The problem
Where does the string "color" appear? Copy every line of the entries below that holds it.

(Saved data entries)
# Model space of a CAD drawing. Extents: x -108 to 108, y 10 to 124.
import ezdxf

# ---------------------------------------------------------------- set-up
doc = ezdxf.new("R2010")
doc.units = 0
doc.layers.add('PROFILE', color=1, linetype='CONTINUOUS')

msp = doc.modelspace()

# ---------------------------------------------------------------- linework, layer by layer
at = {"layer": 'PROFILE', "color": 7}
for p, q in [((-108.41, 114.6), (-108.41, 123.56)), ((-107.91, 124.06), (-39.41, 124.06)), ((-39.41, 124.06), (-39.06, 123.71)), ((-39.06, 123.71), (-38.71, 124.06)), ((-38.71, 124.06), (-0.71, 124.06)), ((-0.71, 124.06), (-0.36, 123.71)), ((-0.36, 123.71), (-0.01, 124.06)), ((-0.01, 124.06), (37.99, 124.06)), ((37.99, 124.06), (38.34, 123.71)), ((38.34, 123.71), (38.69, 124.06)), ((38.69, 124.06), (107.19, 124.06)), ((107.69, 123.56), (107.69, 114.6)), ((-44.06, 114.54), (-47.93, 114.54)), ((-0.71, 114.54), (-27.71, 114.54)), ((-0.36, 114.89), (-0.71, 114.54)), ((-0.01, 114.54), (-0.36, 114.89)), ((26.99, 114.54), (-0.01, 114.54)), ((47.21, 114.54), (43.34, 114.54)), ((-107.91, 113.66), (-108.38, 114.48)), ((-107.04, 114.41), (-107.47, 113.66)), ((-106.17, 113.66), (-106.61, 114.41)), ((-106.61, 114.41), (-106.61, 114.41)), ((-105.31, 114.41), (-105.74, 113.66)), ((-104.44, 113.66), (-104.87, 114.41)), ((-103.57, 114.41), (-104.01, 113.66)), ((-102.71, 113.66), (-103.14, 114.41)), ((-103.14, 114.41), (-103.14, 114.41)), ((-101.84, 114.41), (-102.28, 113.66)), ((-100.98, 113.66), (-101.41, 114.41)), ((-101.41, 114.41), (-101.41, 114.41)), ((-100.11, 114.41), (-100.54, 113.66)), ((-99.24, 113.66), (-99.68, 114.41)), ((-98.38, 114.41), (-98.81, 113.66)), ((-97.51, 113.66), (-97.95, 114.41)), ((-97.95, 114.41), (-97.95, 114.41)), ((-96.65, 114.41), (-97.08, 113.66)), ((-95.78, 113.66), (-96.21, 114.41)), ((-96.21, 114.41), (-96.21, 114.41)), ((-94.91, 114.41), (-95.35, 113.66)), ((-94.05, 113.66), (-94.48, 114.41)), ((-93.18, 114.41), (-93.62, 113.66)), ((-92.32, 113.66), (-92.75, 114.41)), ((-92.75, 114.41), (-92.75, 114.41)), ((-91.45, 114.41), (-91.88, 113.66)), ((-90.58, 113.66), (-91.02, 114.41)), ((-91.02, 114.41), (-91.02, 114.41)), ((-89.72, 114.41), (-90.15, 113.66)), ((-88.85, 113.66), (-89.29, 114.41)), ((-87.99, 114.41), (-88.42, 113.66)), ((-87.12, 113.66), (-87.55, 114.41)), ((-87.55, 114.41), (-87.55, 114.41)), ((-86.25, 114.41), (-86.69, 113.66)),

Task response
doc.layers.add('PROFILE', color=1, linetype='CONTINUOUS')
at = {"layer": 'PROFILE', "color": 7}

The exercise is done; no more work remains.